No, this is a new thing that happens on sites that weren't and aren't doing that. Also tab-switching fixes it.

I'm pretty sure that merely tab-switching hasn't fixed it for me. I've done both mouse and alt-tab, i've ctrl-w'd the tab and ctrl-shift-T'd it. I've opened the same site in a new tab and it still wouldn't work. I've had to completely shut the browser down. Maybe it's different between Windows and Linux, perhaps (I'm using Windows for this).

Maybe there's more than one cause, but the reason I hate this bug so much is because simple fixes like just alt-tabbing or even closing and re-opening or full-reload doesn't work. I'm like 99% certain that's the case. I'll have to verify next time this happens. It seems to happen at least a couple times a month.

Clicking the URL bar once always fixes it for me.
Many websites will also prevent highlighting text as well. Reader mode is helpful for that.
Or just hold down shift, at least in Firefox. This avoids sending the events to the javascript on the page so that the user can act on the page without being blocked, while still using a page’s own context menu if it really does provide a useful one (Google Docs, for example, has one with actual editing actions in it).
It's the duty and responsibility of a properly implemented browser to not allow a "website" to break basic UI functionality because it pushes some javascript. I don't care about how Safari and chrome and edge do it. Firefox should not follow their lead.

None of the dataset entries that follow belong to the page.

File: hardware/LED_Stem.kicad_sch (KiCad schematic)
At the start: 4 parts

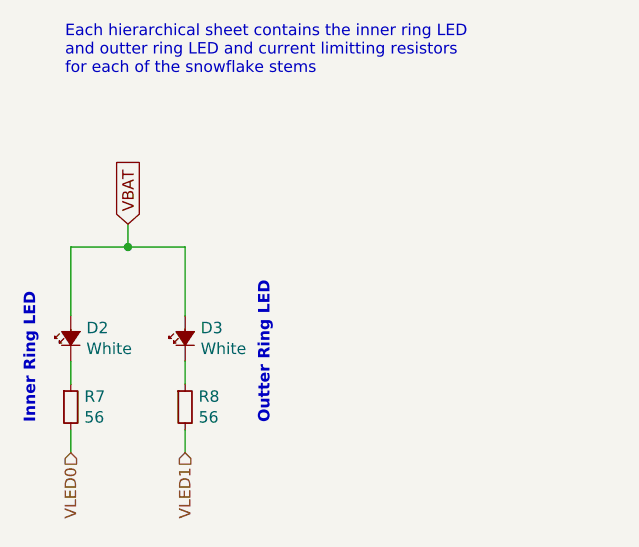
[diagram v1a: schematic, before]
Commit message: Changed the Counter footprint to 16-SOIC
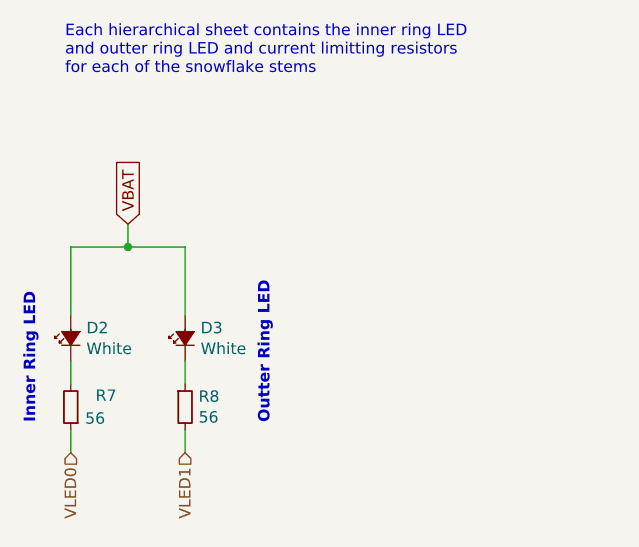
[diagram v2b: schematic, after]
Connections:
- net VLED0: now also R7.1; no longer R7.2
- net at D2.K: now also R7.2; no longer R7.1
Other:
- moved on the sheet: R7
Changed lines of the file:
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@@
     )
   )
-  (symbol (lib_id "Snowflake:R_Small") (at 50.8 73.66 0) (unit 1)
+  (symbol (lib_id "Snowflake:R_Small") (at 50.8 73.66 180) (unit 1)
     (in_bom yes) (on_board yes) (dnp no)
-    (property "Reference" "R7" (at 52.2986 72.4916 0)
+    (property "Reference" "R7" (at 55.88 72.39 0)
       (effects (font (size 1.27 1.27)) (justify left))
     )
-    (property "Value" "56" (at 52.2986 74.803 0)
+    (property "Value" "56" (at 54.61 74.93 0)
       (effects (font (size 1.27 1.27)) (justify left))
     )

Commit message: Added some stuff missing from the BoM Changed the LED component name from 4014 to 3014 (typo). Updated schematic and board
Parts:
- D2, D3: footprint Snowflake:4014_LED_HandSolder_NoSilk -> Snowflake:3014_LED_HandSolder_NoSilk
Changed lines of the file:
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@@
       (effects (font (size 1.27 1.27)) (justify right))
     )
-    (property "Footprint" "Snowflake:4014_LED_HandSolder_NoSilk" (at 50.8 66.04 90)
+    (property "Footprint" "Snowflake:3014_LED_HandSolder_NoSilk" (at 50.8 66.04 90)
       (effects (font (size 1.27 1.27)) hide)
     )
-    (property "Datasheet" "~" (at 50.8 66.04 90)
+    (property "Datasheet" "https://dammedia.osram.info/media/resource/hires/osram-dam-16984996/KW%20DCLMS2.EC_EN.pdf" (at 50.8 66.04 90)
       (effects (font (size 1.27 1.27)) hide)
     )
@@
       (effects (font (size 1.27 1.27)) (justify right))
     )
-    (property "Footprint" "Snowflake:4014_LED_HandSolder_NoSilk" (at 63.5 66.04 90)
+    (property "Footprint" "Snowflake:3014_LED_HandSolder_NoSilk" (at 63.5 66.04 90)
       (effects (font (size 1.27 1.27)) hide)
     )
-    (property "Datasheet" "~" (at 63.5 66.04 90)
+    (property "Datasheet" "https://dammedia.osram.info/media/resource/hires/osram-dam-16984996/KW%20DCLMS2.EC_EN.pdf" (at 63.5 66.04 90)
       (effects (font (size 1.27 1.27)) hide)
     )

This is a fine example of why people install plugins like ublock origin and similar.

Firefox does it best here, because you can hold shift to get the original context menu back when the page blocks it or provides their own.
Exactly. There are legitimate use cases for hijacking the right-click menu to make it better. For example, Google docs, GMail, etc. The best solution IMHO is the shift key to get the normal menu. It's the best of both worlds.